I’m trying to force the output topic to lower case.

G

There is CREATE STREAM <schema> and CREATE STREAM... AS SELECT. Both support the WITH clause. For the former, you can think of it as the “input topic” and for the later as the “result topic” when you specify the topic name.

1 Like

Solved… thanks @mjsax

All 3 streams, the 2 source and the 3rd combined.

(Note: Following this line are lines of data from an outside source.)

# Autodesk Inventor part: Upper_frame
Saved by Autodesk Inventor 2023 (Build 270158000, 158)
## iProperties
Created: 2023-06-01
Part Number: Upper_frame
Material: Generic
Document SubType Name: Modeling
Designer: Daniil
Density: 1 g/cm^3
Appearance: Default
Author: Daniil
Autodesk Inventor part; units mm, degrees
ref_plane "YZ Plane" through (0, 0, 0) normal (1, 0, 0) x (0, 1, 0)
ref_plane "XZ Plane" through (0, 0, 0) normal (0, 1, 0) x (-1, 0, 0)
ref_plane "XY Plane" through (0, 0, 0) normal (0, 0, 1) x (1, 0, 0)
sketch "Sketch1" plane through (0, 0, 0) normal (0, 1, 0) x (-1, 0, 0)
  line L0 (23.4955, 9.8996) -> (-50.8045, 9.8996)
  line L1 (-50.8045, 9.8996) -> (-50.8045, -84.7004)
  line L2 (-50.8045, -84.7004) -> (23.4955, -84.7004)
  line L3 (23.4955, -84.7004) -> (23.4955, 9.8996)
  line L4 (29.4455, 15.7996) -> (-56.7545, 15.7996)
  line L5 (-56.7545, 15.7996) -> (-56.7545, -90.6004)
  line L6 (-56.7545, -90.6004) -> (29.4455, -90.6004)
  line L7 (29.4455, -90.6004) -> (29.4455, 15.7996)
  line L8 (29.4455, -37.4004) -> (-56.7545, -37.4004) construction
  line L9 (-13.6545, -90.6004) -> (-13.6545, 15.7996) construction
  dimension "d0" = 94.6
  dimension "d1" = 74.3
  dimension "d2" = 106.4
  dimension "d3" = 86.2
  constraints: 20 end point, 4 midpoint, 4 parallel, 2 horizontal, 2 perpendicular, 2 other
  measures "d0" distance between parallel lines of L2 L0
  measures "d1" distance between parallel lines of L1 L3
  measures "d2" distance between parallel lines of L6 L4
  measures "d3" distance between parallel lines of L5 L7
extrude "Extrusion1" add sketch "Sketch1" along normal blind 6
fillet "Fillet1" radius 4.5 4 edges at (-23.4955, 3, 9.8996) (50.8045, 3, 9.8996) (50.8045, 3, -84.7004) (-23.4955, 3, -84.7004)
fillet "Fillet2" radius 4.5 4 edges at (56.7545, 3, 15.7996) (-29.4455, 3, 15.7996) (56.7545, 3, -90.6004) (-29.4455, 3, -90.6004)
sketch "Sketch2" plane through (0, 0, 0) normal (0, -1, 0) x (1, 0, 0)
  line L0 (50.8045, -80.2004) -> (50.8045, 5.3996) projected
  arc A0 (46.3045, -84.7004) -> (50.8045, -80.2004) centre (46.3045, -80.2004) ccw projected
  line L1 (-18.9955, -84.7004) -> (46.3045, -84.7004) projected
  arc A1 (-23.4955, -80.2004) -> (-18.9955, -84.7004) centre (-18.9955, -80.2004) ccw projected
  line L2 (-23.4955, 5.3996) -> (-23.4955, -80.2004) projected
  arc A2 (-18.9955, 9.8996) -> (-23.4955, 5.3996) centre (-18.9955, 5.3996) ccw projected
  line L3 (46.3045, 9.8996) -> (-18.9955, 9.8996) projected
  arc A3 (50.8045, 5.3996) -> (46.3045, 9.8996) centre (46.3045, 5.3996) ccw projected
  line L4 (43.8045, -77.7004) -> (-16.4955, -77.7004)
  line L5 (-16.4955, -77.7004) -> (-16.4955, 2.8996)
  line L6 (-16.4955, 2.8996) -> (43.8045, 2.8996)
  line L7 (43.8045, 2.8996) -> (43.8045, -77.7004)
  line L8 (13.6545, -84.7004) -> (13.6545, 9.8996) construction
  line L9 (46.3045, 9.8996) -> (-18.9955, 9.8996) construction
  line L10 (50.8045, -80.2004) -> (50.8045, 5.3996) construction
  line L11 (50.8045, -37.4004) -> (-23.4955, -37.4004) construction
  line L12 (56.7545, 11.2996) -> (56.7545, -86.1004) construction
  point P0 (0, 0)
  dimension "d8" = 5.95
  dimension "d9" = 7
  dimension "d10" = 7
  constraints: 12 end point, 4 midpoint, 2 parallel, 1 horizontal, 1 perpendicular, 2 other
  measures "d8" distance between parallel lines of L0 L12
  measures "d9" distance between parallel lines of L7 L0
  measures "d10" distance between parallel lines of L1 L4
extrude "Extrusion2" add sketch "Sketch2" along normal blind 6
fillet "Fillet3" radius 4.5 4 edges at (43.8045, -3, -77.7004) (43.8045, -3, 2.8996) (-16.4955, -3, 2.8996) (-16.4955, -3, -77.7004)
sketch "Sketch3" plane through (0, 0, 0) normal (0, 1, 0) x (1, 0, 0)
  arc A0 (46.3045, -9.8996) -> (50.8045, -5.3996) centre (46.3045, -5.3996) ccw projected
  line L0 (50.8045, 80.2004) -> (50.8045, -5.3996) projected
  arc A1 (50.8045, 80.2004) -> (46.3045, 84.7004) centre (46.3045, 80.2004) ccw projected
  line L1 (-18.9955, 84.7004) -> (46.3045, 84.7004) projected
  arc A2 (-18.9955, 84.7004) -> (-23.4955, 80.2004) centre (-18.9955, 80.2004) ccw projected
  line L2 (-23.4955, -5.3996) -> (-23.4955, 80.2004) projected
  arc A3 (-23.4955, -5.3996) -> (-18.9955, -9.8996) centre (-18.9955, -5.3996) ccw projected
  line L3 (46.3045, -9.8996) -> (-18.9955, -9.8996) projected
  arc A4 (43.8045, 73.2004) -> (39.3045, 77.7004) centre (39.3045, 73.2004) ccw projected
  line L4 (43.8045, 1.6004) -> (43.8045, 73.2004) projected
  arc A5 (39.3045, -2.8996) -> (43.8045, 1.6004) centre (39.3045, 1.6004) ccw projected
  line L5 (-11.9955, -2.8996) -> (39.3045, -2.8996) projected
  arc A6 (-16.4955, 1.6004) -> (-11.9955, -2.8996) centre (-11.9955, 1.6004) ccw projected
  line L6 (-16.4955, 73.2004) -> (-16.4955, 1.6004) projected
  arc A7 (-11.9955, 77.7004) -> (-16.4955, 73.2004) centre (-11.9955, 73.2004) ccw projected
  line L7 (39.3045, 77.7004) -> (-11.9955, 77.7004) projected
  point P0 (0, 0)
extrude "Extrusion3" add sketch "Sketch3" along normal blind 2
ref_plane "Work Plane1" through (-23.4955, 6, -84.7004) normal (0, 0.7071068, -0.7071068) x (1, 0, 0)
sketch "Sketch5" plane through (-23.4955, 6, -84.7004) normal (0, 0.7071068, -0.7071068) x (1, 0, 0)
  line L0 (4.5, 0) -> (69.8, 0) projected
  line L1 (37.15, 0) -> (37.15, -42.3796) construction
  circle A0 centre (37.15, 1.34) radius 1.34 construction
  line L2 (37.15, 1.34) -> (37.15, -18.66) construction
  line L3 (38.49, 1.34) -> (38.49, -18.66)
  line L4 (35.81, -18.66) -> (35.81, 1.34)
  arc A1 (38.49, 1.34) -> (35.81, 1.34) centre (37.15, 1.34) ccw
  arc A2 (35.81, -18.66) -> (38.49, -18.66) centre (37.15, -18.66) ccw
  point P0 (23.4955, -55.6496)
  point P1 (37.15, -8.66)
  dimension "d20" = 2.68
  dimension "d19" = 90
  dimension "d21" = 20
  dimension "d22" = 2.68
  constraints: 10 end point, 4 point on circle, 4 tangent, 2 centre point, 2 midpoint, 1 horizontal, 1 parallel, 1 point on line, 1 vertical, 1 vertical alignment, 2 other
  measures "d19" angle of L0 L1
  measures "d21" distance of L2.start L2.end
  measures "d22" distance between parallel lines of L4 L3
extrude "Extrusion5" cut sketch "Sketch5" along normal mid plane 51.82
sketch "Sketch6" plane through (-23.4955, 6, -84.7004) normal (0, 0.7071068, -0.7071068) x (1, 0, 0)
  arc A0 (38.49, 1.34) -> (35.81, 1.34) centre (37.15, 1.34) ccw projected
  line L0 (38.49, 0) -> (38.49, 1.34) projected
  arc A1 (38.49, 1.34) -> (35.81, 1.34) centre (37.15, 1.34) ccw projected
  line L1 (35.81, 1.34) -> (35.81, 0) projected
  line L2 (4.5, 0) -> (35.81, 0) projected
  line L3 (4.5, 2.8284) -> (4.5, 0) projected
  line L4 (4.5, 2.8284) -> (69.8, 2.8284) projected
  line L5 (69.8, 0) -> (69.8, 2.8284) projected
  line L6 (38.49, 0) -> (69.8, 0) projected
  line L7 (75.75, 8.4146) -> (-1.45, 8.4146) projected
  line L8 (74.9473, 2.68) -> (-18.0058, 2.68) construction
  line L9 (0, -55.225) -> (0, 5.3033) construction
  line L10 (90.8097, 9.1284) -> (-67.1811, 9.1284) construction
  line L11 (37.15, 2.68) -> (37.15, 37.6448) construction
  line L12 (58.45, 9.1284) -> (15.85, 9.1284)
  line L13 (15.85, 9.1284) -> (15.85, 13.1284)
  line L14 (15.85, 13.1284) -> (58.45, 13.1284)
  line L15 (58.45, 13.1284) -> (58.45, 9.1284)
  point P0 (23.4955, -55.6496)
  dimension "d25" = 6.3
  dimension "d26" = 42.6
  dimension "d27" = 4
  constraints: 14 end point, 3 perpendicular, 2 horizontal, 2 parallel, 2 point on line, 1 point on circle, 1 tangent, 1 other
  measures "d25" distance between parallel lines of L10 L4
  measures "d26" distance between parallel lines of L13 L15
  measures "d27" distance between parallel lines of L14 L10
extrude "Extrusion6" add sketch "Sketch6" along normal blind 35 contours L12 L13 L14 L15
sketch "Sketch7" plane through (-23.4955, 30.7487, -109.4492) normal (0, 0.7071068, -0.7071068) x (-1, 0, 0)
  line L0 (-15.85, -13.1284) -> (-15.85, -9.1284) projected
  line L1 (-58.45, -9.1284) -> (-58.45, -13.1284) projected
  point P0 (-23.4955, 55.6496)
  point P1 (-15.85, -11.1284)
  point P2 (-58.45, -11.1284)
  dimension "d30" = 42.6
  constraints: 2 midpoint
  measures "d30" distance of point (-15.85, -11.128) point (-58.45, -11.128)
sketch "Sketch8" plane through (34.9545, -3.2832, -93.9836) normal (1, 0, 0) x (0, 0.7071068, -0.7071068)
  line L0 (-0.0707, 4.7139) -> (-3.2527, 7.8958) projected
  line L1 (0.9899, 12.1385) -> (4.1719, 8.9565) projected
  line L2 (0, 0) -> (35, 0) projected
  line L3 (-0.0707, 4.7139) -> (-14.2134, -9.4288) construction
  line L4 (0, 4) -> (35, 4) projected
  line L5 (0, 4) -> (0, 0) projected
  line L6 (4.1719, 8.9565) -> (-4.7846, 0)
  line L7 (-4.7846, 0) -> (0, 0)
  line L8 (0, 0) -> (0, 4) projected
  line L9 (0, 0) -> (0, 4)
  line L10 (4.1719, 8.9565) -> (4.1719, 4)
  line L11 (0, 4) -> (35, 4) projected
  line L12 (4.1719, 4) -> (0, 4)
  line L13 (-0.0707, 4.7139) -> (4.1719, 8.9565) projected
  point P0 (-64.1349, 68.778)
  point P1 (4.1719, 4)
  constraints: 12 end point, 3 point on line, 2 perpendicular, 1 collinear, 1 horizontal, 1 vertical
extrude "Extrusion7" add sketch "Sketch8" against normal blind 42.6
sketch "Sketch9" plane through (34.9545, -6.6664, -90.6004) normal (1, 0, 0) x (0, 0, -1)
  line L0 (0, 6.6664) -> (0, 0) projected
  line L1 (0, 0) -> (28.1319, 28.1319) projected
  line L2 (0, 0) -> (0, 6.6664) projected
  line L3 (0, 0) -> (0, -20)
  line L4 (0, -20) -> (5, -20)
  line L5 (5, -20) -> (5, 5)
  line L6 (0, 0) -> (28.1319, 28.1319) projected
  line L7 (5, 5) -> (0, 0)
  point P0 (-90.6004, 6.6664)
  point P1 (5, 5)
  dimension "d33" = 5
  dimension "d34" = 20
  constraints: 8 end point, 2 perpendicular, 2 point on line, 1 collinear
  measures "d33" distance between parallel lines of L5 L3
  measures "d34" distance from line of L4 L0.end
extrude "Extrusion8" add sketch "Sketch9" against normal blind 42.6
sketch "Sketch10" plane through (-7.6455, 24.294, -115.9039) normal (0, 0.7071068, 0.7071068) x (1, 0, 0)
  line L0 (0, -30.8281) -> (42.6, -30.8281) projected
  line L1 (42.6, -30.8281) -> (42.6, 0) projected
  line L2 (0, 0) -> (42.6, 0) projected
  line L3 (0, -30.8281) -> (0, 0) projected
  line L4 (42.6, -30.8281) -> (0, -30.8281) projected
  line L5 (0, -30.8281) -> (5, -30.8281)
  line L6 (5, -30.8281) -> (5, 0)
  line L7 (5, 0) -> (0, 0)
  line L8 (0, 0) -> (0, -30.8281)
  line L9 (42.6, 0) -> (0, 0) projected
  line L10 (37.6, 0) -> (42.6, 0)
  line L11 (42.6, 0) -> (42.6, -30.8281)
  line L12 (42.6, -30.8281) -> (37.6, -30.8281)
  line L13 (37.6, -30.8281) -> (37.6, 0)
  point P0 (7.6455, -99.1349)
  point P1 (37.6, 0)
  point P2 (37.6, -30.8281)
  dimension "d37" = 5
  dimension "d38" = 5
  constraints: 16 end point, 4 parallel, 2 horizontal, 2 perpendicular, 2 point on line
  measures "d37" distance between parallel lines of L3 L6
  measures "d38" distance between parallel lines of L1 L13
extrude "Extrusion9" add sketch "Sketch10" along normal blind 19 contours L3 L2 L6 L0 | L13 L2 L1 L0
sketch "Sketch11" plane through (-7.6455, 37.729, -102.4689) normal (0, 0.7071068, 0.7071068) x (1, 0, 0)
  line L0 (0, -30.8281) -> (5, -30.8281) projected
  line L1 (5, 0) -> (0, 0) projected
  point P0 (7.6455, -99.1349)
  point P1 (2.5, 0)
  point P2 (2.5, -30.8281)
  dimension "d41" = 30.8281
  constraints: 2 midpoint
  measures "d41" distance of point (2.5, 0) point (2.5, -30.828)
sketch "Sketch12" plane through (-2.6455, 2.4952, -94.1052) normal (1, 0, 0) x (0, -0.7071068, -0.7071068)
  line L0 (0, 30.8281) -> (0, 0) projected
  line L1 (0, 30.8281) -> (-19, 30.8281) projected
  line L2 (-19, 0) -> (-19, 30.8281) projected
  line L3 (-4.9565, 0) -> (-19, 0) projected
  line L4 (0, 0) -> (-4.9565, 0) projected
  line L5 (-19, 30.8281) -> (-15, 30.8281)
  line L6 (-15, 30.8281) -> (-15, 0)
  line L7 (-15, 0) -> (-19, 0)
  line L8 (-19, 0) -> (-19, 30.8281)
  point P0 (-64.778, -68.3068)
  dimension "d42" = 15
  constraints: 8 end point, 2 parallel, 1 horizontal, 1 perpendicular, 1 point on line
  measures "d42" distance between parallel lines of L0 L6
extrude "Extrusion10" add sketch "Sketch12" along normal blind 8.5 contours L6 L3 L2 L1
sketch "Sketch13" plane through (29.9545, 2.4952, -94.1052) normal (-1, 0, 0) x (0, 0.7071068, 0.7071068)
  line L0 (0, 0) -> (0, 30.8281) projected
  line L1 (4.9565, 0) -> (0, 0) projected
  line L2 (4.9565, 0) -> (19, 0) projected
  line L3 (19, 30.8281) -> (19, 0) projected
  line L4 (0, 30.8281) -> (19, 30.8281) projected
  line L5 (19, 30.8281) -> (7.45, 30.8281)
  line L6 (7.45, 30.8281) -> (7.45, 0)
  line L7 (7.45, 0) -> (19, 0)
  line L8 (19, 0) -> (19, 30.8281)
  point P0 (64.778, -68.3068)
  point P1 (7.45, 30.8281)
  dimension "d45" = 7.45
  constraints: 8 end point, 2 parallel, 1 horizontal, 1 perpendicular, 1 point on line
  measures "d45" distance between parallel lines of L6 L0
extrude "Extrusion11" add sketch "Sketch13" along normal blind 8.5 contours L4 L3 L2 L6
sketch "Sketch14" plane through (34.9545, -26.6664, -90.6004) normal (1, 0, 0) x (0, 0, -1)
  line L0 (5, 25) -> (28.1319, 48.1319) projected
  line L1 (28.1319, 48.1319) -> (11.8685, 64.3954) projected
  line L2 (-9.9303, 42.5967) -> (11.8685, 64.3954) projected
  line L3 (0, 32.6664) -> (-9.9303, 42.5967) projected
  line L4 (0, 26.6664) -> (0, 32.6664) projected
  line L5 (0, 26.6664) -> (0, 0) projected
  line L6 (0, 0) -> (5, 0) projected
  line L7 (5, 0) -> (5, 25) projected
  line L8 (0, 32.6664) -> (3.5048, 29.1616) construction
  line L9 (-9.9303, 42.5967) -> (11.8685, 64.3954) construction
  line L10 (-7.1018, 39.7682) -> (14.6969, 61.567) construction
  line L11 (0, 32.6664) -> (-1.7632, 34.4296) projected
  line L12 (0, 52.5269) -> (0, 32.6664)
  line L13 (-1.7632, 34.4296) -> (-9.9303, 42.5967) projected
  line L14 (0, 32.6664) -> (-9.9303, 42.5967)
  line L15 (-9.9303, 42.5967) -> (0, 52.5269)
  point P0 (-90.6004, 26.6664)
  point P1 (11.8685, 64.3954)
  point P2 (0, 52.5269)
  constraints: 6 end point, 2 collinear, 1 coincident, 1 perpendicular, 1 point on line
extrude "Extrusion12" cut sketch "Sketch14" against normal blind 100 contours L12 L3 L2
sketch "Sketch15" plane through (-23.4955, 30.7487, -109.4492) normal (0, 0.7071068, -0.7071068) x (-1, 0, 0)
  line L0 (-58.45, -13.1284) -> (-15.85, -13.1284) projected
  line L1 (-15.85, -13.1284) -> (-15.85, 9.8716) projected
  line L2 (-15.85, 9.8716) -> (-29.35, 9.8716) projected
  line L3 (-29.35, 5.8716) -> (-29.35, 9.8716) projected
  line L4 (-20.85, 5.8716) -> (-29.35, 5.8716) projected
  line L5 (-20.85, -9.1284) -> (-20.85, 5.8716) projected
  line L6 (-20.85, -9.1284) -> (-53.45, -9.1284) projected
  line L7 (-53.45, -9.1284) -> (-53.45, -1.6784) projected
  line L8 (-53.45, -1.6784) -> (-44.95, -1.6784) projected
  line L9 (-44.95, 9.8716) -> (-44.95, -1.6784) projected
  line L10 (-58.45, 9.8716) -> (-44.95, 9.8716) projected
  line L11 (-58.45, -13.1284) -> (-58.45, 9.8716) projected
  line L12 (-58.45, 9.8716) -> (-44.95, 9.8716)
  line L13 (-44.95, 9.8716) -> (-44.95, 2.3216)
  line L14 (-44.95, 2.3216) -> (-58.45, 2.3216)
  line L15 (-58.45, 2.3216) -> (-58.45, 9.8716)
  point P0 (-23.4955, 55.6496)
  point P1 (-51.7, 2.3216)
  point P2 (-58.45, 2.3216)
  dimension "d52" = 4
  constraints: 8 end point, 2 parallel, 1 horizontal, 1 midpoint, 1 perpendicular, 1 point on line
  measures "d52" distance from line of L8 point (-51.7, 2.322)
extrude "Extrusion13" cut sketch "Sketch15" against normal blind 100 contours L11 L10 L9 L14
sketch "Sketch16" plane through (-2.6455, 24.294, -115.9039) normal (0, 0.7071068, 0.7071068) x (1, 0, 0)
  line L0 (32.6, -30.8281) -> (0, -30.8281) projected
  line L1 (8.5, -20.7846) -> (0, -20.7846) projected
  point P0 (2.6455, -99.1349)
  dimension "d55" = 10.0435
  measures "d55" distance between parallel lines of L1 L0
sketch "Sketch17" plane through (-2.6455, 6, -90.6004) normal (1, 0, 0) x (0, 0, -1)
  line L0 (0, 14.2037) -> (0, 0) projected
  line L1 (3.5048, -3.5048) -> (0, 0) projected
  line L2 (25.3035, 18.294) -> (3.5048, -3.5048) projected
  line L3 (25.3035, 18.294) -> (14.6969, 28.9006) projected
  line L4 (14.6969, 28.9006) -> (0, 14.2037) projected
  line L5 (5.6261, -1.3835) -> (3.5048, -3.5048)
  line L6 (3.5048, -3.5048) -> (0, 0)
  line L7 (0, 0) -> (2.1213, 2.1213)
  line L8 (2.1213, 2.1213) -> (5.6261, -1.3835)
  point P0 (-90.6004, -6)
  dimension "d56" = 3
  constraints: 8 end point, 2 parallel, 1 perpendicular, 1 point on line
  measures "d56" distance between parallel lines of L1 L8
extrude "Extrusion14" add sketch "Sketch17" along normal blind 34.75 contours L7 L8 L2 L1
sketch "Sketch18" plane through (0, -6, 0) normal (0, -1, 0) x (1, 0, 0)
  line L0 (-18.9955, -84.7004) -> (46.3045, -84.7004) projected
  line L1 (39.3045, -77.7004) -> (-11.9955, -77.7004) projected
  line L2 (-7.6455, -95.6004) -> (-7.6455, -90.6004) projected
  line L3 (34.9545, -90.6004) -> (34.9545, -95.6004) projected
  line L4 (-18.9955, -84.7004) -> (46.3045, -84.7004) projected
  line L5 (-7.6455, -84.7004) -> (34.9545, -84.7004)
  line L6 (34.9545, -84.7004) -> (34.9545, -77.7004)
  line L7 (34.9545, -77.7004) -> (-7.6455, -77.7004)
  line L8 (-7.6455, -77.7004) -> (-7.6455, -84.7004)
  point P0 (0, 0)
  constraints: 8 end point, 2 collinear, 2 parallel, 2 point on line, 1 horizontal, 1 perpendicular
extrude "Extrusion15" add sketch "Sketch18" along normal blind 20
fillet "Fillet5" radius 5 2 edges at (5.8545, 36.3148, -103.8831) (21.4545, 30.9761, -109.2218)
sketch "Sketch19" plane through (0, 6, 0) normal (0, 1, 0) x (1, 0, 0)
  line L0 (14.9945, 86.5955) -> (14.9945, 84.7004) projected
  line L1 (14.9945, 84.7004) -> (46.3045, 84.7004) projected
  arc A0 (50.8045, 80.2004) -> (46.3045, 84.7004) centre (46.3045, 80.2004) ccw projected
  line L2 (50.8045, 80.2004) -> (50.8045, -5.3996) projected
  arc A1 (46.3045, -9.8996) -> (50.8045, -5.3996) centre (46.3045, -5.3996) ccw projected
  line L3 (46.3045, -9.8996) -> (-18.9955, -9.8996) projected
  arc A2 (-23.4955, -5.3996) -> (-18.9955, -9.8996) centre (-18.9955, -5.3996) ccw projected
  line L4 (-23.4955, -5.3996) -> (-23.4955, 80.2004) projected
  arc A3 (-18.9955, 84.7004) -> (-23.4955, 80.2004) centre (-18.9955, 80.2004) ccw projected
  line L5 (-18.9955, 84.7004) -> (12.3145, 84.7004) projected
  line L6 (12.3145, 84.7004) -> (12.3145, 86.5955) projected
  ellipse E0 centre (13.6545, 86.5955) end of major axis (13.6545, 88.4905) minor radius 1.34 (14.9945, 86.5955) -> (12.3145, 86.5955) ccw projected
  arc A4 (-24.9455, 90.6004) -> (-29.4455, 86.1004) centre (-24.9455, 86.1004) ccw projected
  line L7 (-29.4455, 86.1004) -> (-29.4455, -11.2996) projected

CREATE STREAM salesbaskets (
	   	InvoiceNumber VARCHAR,
	 	SaleDateTime VARCHAR,
	 	SaleTimestamp TIMESTAMP,
	  	TerminalPoint VARCHAR,
	   	Nett DOUBLE,
	  	Vat DOUBLE,
	 	Total DOUBLE,
       	Store STRUCT<
       		Id VARCHAR,
     		Name VARCHAR>,
     	Clerk STRUCT<
     		Id VARCHAR,
          	Name VARCHAR>,
    	BasketItems ARRAY< STRUCT<id VARCHAR,
        	Name VARCHAR,
          	Brand VARCHAR,
          	Category VARCHAR,
         	Price DOUBLE,
        	Quantity integer >>) 
WITH (KAFKA_TOPIC='salesbaskets',
		VALUE_FORMAT='JSON',
       	PARTITIONS=1);

CREATE STREAM salespayments	 (	
	      InvoiceNumber VARCHAR,
	      FinTransactionID VARCHAR,
	      PayDateTime VARCHAR,
	      PayTimestamp TIMESTAMP,
	      Paid DOUBLE )        
 WITH (KAFKA_TOPIC='salespayments',
       VALUE_FORMAT='JSON',
       PARTITIONS=1);
     
CREATE STREAM salescompleted WITH (KAFKA_TOPIC='salescompleted',
       VALUE_FORMAT='JSON',
       PARTITIONS=1)
       as  
select 
	b.InvoiceNumber InvNumber, 
	b.SaleDateTime,
	b.SaleTimestamp, 
	b.TerminalPoint,
	b.Nett,
	b.Vat,
	b.Total,
	b.store,
	b.clerk,
	b.BasketItems,
	p.FinTransactionID,
	p.PayDateTime,
	p.PayTimestamp,
	p.Paid
from 
	salespayments p INNER JOIN
	salesbaskets b
WITHIN 7 DAYS 
on b.InvoiceNumber = p.InvoiceNumber
emit changes;
1 Like

This topic was automatically closed 7 days after the last reply. New replies are no longer allowed.